In che modo prende vita un personaggio letterario? Elias Canetti ha scritto che incontra i suoi personaggi solo dopo averli inventati. Ma devo aver scelto l’esempio sbagliato. Ci sarà pure una scintilla a cui rivolgersi nell’incubo della pagina bianca. Credo sia questa: il desiderio. Nella letteratura, come nella vita, non esiste carattere che non agisca dentro l’obbligo di una mancanza, un vuoto, di una frustrazione. Eccoci. È l’assenza di ciò che desideriamo, il suolo su cui cresce qualsiasi storia. In latino desiderare significa senza stella: de-sidus. Viene agli occhi l’immagine di un cielo notturno, attraversato da filamenti di luce a cui rivolgiamo lo sguardo, magari allungando un braccio come a volerle coglierne uno, e costretti invece a restarcene a mani vuote.

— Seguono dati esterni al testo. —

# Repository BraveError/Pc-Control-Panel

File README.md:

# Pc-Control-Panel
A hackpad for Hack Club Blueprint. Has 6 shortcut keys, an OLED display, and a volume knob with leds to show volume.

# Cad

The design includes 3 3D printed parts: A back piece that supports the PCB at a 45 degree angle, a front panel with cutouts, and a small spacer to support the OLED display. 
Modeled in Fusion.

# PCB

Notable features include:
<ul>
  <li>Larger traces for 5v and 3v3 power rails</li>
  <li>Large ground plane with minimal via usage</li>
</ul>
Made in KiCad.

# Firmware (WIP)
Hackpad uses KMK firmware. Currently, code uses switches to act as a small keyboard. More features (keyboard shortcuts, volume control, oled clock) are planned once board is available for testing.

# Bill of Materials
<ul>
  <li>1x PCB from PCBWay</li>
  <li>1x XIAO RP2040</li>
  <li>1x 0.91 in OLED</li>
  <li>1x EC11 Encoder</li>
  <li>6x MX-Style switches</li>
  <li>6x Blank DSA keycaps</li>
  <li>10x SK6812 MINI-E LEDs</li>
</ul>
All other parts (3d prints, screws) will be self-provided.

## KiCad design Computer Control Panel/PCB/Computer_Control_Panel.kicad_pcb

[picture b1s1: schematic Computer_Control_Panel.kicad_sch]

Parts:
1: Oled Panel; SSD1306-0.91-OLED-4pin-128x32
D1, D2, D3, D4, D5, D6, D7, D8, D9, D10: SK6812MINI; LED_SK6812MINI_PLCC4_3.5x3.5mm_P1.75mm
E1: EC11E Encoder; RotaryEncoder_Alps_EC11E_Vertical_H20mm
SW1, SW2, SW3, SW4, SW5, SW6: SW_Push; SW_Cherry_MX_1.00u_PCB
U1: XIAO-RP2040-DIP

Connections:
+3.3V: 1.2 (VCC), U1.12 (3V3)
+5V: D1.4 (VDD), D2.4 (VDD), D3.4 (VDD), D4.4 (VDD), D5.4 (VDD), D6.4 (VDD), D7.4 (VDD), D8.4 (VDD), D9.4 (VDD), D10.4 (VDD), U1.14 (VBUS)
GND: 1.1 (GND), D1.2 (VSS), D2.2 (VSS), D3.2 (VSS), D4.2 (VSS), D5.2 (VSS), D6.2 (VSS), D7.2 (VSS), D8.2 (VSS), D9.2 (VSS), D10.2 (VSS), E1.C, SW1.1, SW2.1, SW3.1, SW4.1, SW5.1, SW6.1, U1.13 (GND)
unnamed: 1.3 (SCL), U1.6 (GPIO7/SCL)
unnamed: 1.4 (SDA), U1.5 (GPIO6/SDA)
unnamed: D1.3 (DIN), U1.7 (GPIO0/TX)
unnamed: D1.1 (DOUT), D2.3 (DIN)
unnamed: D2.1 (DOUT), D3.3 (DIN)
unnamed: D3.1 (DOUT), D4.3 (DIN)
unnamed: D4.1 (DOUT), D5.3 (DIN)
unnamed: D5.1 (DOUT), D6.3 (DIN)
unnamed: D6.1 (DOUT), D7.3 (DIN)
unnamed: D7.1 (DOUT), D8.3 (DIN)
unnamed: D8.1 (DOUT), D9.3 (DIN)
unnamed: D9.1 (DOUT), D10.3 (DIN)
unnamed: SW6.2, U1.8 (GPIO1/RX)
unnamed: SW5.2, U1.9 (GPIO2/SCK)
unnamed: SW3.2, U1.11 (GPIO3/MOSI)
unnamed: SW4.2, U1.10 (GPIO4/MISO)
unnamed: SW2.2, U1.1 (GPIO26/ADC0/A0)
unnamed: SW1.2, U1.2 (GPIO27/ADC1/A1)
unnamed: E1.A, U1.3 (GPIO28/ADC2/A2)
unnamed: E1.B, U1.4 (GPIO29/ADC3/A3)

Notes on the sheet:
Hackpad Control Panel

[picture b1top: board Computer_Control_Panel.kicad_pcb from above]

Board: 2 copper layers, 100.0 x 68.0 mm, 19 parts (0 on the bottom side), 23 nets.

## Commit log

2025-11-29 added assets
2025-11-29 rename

La mancanza di possesso, nella vita come in letteratura, contiene già di per sé un’azione. Qualcosa ci interpella da lontano, ci richiama a sé, dato che il desiderio non è mai una scelta, semmai è un inciampo. La ricerca, il preludio a quanto è destinato ad avverarsi oppure no, è la strada dove giù in fondo intravediamo ciò che vorremmo far nostro. È un sentiero fatto di alti e bassi, che può assumere minore importanza rispetto al semplice fatto di aver cominciato il nostro cammino. Agire, tentare e ritentare spinti verso quello che soddisferebbe i nostri bisogni. Il centro di ogni storia, reale o immaginaria, è qui.

Riflettendo su La Signora Dallowey, sul suo diario Virginia Woolf annota: «Questa volta credo di aver scoperto un filone. Spero di estrarne tutto l’oro… E il mio filone d’oro è molto profondo, in gallerie molto tortuose. Devo avanzare penosamente per sfruttarlo, curvarmi, andare a tastoni.» Fare conoscenza dei propri personaggi, e dei desideri che li muovono, è un processo ricco di incognite. Sarà per questo che leggere è il miglior rimedio alla solitudine: quanti di noi possono dire di aver riconosciuto, prima, e aver avverato, poi, i desideri esplosi lungo le fasi della propria vita? E tuttavia, la mancanza è un elemento essenziale. Se Riccardo III fosse nato re, non esisterebbe uno dei più bei drammi di Shakespeare. Così come se Emma Bovary fosse nata a Parigi e non le fosse stato concesso di desiderare una città più travolgente di quella in cui lei, povera, è costretta a vivere con un marito così poco sensuale. In questo, siamo uno specchio perfetto dei personaggi: la nostra e la loro psicologia è innanzitutto il prodotto dei desideri mancati. L’insoddisfazione innesca il conflitto, necessario per dar via al movimento, quel movimento che edificherà la trama. A voler semplificare, la storia della letteratura potrebbe riassumersi in un’unica formula: in cerca del proprio posto nel mondo, l’eroe contrasta o asseconda le sue pulsioni spinto dai desideri. Cosa ne sarebbe di Anna Karenina senza adulterio? Dove andrebbe a finire Julien Sorel senza l’invidia? È in questo interstizio che si plasma un carattere, nella brama di ottenere qualcosa.

Il talento dello scrittore sta nel rendere universale un desiderio soggettivo, legato com’è a uno personaggio e alla sua storia, andando dall’uno a molti per raggiungere la forma di verità più alta in nostro possesso: quella letteraria, menzognera, certo, ma insuperabilmente sincera. Che si tratti di esistenze reali o di finzione, quando una persona o un personaggio vengono accesi dal desiderio, possono dirsi al riparo dalla risacca in cui nella vita si potrebbe procedere anche all’infinito, ma mai nei romanzi. Lasciarsi trascinare dalle cose – la meccanicità del quotidiano –, senza che a muoverci sia una fantasia, un’ambizione o addirittura un sogno, invece di farsi travolgere dal desiderio, atteso, disatteso, espresso, inespresso, morale, immorale, affinché si inneschi l’azione è qualcosa di anti-narrativo. Importante è poi prendere coscienza di quanto non sia decisivo centrare il bersaglio. L’ipotesi o la semplice fantasticheria sono già vita, perché sono azioni, pure se soltanto mentali. Ed essendolo, saranno per sempre ottimo materiale per un romanzo.